# What the exercise asks
Output the entries below unchanged, except for the pictures.

# Data shown
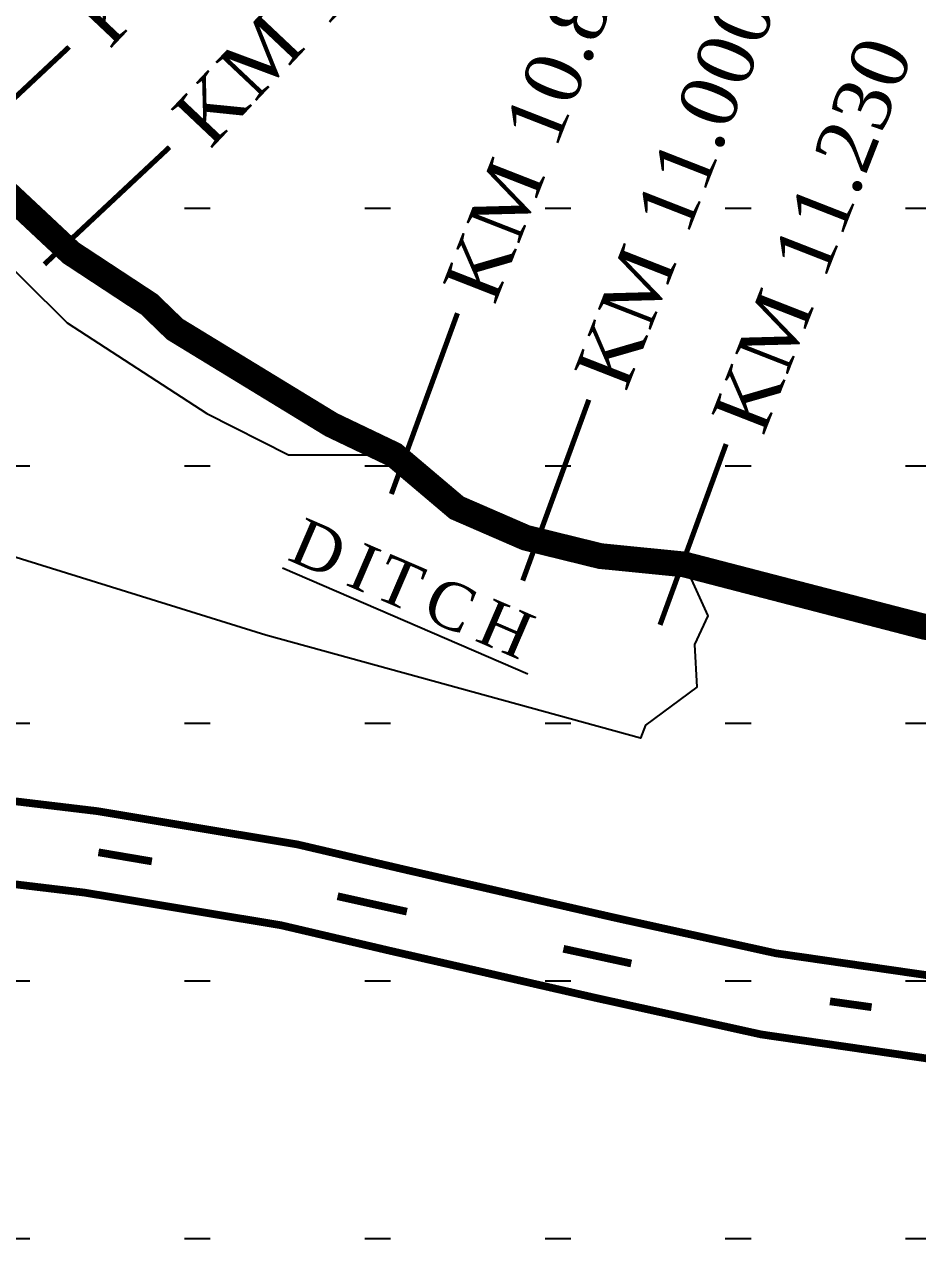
# Model space of a CAD drawing. Header units: inches. Extents: x -8940 to 26362, y -28010 to 990.
# Drawn here: x 4359.57 to 4373.17, y -7379.28 to -7360.44 of the extents above; entities that cross this region are included whole.
import ezdxf

# ---------------------------------------------------------------- set-up
doc = ezdxf.new("R2010")
doc.units = ezdxf.units.IN
doc.header["$MEASUREMENT"] = 0
doc.layers.add('Text', color=7, linetype='Continuous')
doc.styles.add('Text', font='times.ttf', dxfattribs={"height": 240})

msp = doc.modelspace()

# ---------------------------------------------------------------- hatches: boundary and pattern name
at = {"layer": 'Text', "lineweight": 25}
h = msp.add_hatch(dxfattribs=at)
h.set_pattern_fill('ACAD_ISO07W100', color=0, scale=0.784833, style=0)
h.set_pattern_definition([(0, (-582.442, -27753.198), (0, 3.9241642), [0.3924164, -2.35449854])])
h.paths.add_polyline_path([(4453.012436, -7368.509246), (4432.544063, -7360.765981), (4417.35118, -7356.454306), (4399.865945, -7352.632595), (4389.807755, -7348.417064), (4382.319111, -7347.246699), (4375.943644, -7343.680138), (4368.217405, -7333.076598), (4361.929936, -7322.334389), (4357.719224, -7314.672477), (4356.412451, -7309.03143), (4355.412858, -7306.651874), (4313.200953, -7306.651874), (4313.200953, -7400.608297), (4453.122434, -7400.608297)])
h.paths.add_polyline_path([(4387.774257, -7337.654416), (4394.795484, -7337.654416), (4394.795484, -7334.638043), (4387.774257, -7334.638043)], flags=25)

# ---------------------------------------------------------------- linework, layer by layer
at = {"layer": 'Text', "const_width": 0.117725}
for points in [[(4323.293321, -7348.313524), (4325.766069, -7351.299525), (4328.172819, -7353.917592), (4332.515528, -7358.691496), (4335.186273, -7361.096937), (4339.924974, -7365.288433), (4343.585698, -7368.187535), (4346.630434, -7370.522717), (4348.561994, -7372.009246), (4348.957985, -7372.107239), (4352.253517, -7372.155311), (4358.215392, -7372.129426), (4360.670541, -7372.423404), (4363.728477, -7372.931856), (4365.426842, -7373.329373), (4368.533177, -7374.041206), (4371.019125, -7374.590335), (4373.914265, -7375.010039)], [(4322.340502, -7349.131757), (4324.819626, -7352.125458), (4327.246134, -7354.765017), (4331.628697, -7359.582732), (4334.350081, -7362.033783), (4339.118591, -7366.251644), (4342.813743, -7369.178012), (4345.865396, -7371.518499), (4348.004775, -7373.164966), (4348.795907, -7373.360741), (4352.247084, -7373.411083), (4358.143196, -7373.385484), (4360.492818, -7373.666826), (4363.482142, -7374.16387), (4365.143506, -7374.552727), (4368.257502, -7375.266315), (4370.793315, -7375.826458), (4373.75519, -7376.255837)], [(4361.511945, -7373.190704), (4360.697962, -7373.052036)], [(4365.397064, -7373.956156), (4364.341086, -7373.721344)], [(4368.815793, -7374.745644), (4367.781814, -7374.521925)], [(4372.476516, -7375.411254), (4371.842929, -7375.322506)]]:
    msp.add_lwpolyline(points, dxfattribs=at)
at = {"layer": 'Text'}
msp.add_lwpolyline([(4353.726252, -7360.351549), (4355.324653, -7360.520075), (4356.921819, -7361.716325), (4360.22175, -7364.987059), (4362.346906, -7366.366351), (4363.59208, -7366.998681), (4365.202447, -7366.994983), (4366.157227, -7367.80296), (4368.343981, -7368.538829), (4369.624354, -7368.666404), (4369.982624, -7369.448754), (4369.778568, -7369.888261), (4369.813885, -7370.535748), (4369.032976, -7371.1126), (4368.955568, -7371.314054), (4363.248887, -7369.746172), (4358.457387, -7368.255945), (4356.191435, -7366.408876), (4355.813042, -7365.183044), (4355.038659, -7364.031169), (4353.53389, -7362.779452), (4352.055521, -7361.87718), (4351.276737, -7361.302167), (4349.600372, -7359.347862)], dxfattribs=at)
at = {"layer": 'Text', "color": 1, "const_width": 0.392416}
msp.add_lwpolyline([(4356.345431, -7360.15399), (4357.898599, -7361.512944), (4358.650983, -7362.394877), (4360.278949, -7363.920234), (4361.471324, -7364.704175), (4361.862916, -7365.083203), (4364.247666, -7366.538301), (4365.202447, -7366.994983), (4366.157227, -7367.80296), (4367.208805, -7368.259642), (4368.343981, -7368.538829), (4369.624354, -7368.666404), (4371.419517, -7369.132331), (4373.293223, -7369.618644), (4374.081461, -7369.709193)], dxfattribs=at)
at = {"layer": 'Text', "color": 0, "lineweight": 25, "const_width": 0.078483}
for points in [[(4358.343734, -7362.567532), (4360.250486, -7360.782469)], [(4359.874158, -7364.094032), (4361.78091, -7362.308969)], [(4365.160724, -7367.593247), (4366.167682, -7364.838904)], [(4367.162047, -7368.911766), (4368.169006, -7366.157424)], [(4369.253627, -7369.586723), (4370.260586, -7366.83238)]]:
    msp.add_lwpolyline(points, dxfattribs=at)

# ---------------------------------------------------------------- texts
at = {"layer": 'Text', "attachment_point": 1, "style": 'Text'}
for s, insert, char_height, rotation in [('{\\T1.05;KM 10.300}', (4360.24382, -7360.231358), 0.86331613, 46.6524391), ('{\\T1.05;KM 10.500}', (4361.774244, -7361.757858), 0.86331613, 46.6524391), ('{\\T1.05;KM 10.830}', (4365.931113, -7364.415244), 0.86331613, 68.6325578), ('{\\T1.05;KM 11.000}', (4367.932437, -7365.733763), 0.86331613, 68.6325578), ('{\\T1.05;KM 11.230}', (4370.024016, -7366.408719), 0.86331613, 68.6325578), ('{\\fTimes New Roman|b0|i0|c0|p18;\\T1.25;\\LDITCH}', (4363.83567, -7367.939852), 0.70634956, 336.6717127)]:
    msp.add_mtext(s, dxfattribs=dict(at, insert=insert, char_height=char_height, rotation=rotation))

doc.saveas('drawing.dxf')

# Answer to this task
# Model space of a CAD drawing. Header units: inches. Extents: x -8940 to 26362, y -28010 to 990.
# Drawn here: x 4359.57 to 4373.17, y -7379.28 to -7360.44 of the extents above; entities that cross this region are included whole.
import ezdxf

# ---------------------------------------------------------------- set-up
doc = ezdxf.new("R2010")
doc.units = ezdxf.units.IN
doc.header["$MEASUREMENT"] = 0
doc.layers.add('Text', color=7, linetype='Continuous')
doc.styles.add('Text', font='times.ttf', dxfattribs={"height": 240})

msp = doc.modelspace()

# ---------------------------------------------------------------- hatches: boundary and pattern name
at = {"layer": 'Text', "lineweight": 25}
h = msp.add_hatch(dxfattribs=at)
h.set_pattern_fill('ACAD_ISO07W100', color=0, scale=0.784833, style=0)
h.set_pattern_definition([(0, (-582.442, -27753.198), (0, 3.9241642), [0.3924164, -2.35449854])])
h.paths.add_polyline_path([(4453.012436, -7368.509246), (4432.544063, -7360.765981), (4417.35118, -7356.454306), (4399.865945, -7352.632595), (4389.807755, -7348.417064), (4382.319111, -7347.246699), (4375.943644, -7343.680138), (4368.217405, -7333.076598), (4361.929936, -7322.334389), (4357.719224, -7314.672477), (4356.412451, -7309.03143), (4355.412858, -7306.651874), (4313.200953, -7306.651874), (4313.200953, -7400.608297), (4453.122434, -7400.608297)])
h.paths.add_polyline_path([(4387.774257, -7337.654416), (4394.795484, -7337.654416), (4394.795484, -7334.638043), (4387.774257, -7334.638043)], flags=25)

# ---------------------------------------------------------------- linework, layer by layer
at = {"layer": 'Text', "const_width": 0.117725}
for points in [[(4323.293321, -7348.313524), (4325.766069, -7351.299525), (4328.172819, -7353.917592), (4332.515528, -7358.691496), (4335.186273, -7361.096937), (4339.924974, -7365.288433), (4343.585698, -7368.187535), (4346.630434, -7370.522717), (4348.561994, -7372.009246), (4348.957985, -7372.107239), (4352.253517, -7372.155311), (4358.215392, -7372.129426), (4360.670541, -7372.423404), (4363.728477, -7372.931856), (4365.426842, -7373.329373), (4368.533177, -7374.041206), (4371.019125, -7374.590335), (4373.914265, -7375.010039)], [(4322.340502, -7349.131757), (4324.819626, -7352.125458), (4327.246134, -7354.765017), (4331.628697, -7359.582732), (4334.350081, -7362.033783), (4339.118591, -7366.251644), (4342.813743, -7369.178012), (4345.865396, -7371.518499), (4348.004775, -7373.164966), (4348.795907, -7373.360741), (4352.247084, -7373.411083), (4358.143196, -7373.385484), (4360.492818, -7373.666826), (4363.482142, -7374.16387), (4365.143506, -7374.552727), (4368.257502, -7375.266315), (4370.793315, -7375.826458), (4373.75519, -7376.255837)], [(4361.511945, -7373.190704), (4360.697962, -7373.052036)], [(4365.397064, -7373.956156), (4364.341086, -7373.721344)], [(4368.815793, -7374.745644), (4367.781814, -7374.521925)], [(4372.476516, -7375.411254), (4371.842929, -7375.322506)]]:
    msp.add_lwpolyline(points, dxfattribs=at)
at = {"layer": 'Text'}
msp.add_lwpolyline([(4353.726252, -7360.351549), (4355.324653, -7360.520075), (4356.921819, -7361.716325), (4360.22175, -7364.987059), (4362.346906, -7366.366351), (4363.59208, -7366.998681), (4365.202447, -7366.994983), (4366.157227, -7367.80296), (4368.343981, -7368.538829), (4369.624354, -7368.666404), (4369.982624, -7369.448754), (4369.778568, -7369.888261), (4369.813885, -7370.535748), (4369.032976, -7371.1126), (4368.955568, -7371.314054), (4363.248887, -7369.746172), (4358.457387, -7368.255945), (4356.191435, -7366.408876), (4355.813042, -7365.183044), (4355.038659, -7364.031169), (4353.53389, -7362.779452), (4352.055521, -7361.87718), (4351.276737, -7361.302167), (4349.600372, -7359.347862)], dxfattribs=at)
at = {"layer": 'Text', "color": 1, "const_width": 0.392416}
msp.add_lwpolyline([(4356.345431, -7360.15399), (4357.898599, -7361.512944), (4358.650983, -7362.394877), (4360.278949, -7363.920234), (4361.471324, -7364.704175), (4361.862916, -7365.083203), (4364.247666, -7366.538301), (4365.202447, -7366.994983), (4366.157227, -7367.80296), (4367.208805, -7368.259642), (4368.343981, -7368.538829), (4369.624354, -7368.666404), (4371.419517, -7369.132331), (4373.293223, -7369.618644), (4374.081461, -7369.709193)], dxfattribs=at)
at = {"layer": 'Text', "color": 0, "lineweight": 25, "const_width": 0.078483}
for points in [[(4358.343734, -7362.567532), (4360.250486, -7360.782469)], [(4359.874158, -7364.094032), (4361.78091, -7362.308969)], [(4365.160724, -7367.593247), (4366.167682, -7364.838904)], [(4367.162047, -7368.911766), (4368.169006, -7366.157424)], [(4369.253627, -7369.586723), (4370.260586, -7366.83238)]]:
    msp.add_lwpolyline(points, dxfattribs=at)

# ---------------------------------------------------------------- texts
at = {"layer": 'Text', "attachment_point": 1, "style": 'Text'}
for s, insert, char_height, rotation in [('{\\T1.05;KM 10.300}', (4360.24382, -7360.231358), 0.86331613, 46.6524391), ('{\\T1.05;KM 10.500}', (4361.774244, -7361.757858), 0.86331613, 46.6524391), ('{\\T1.05;KM 10.830}', (4365.931113, -7364.415244), 0.86331613, 68.6325578), ('{\\T1.05;KM 11.000}', (4367.932437, -7365.733763), 0.86331613, 68.6325578), ('{\\T1.05;KM 11.230}', (4370.024016, -7366.408719), 0.86331613, 68.6325578), ('{\\fTimes New Roman|b0|i0|c0|p18;\\T1.25;\\LDITCH}', (4363.83567, -7367.939852), 0.70634956, 336.6717127)]:
    msp.add_mtext(s, dxfattribs=dict(at, insert=insert, char_height=char_height, rotation=rotation))

doc.saveas('drawing.dxf')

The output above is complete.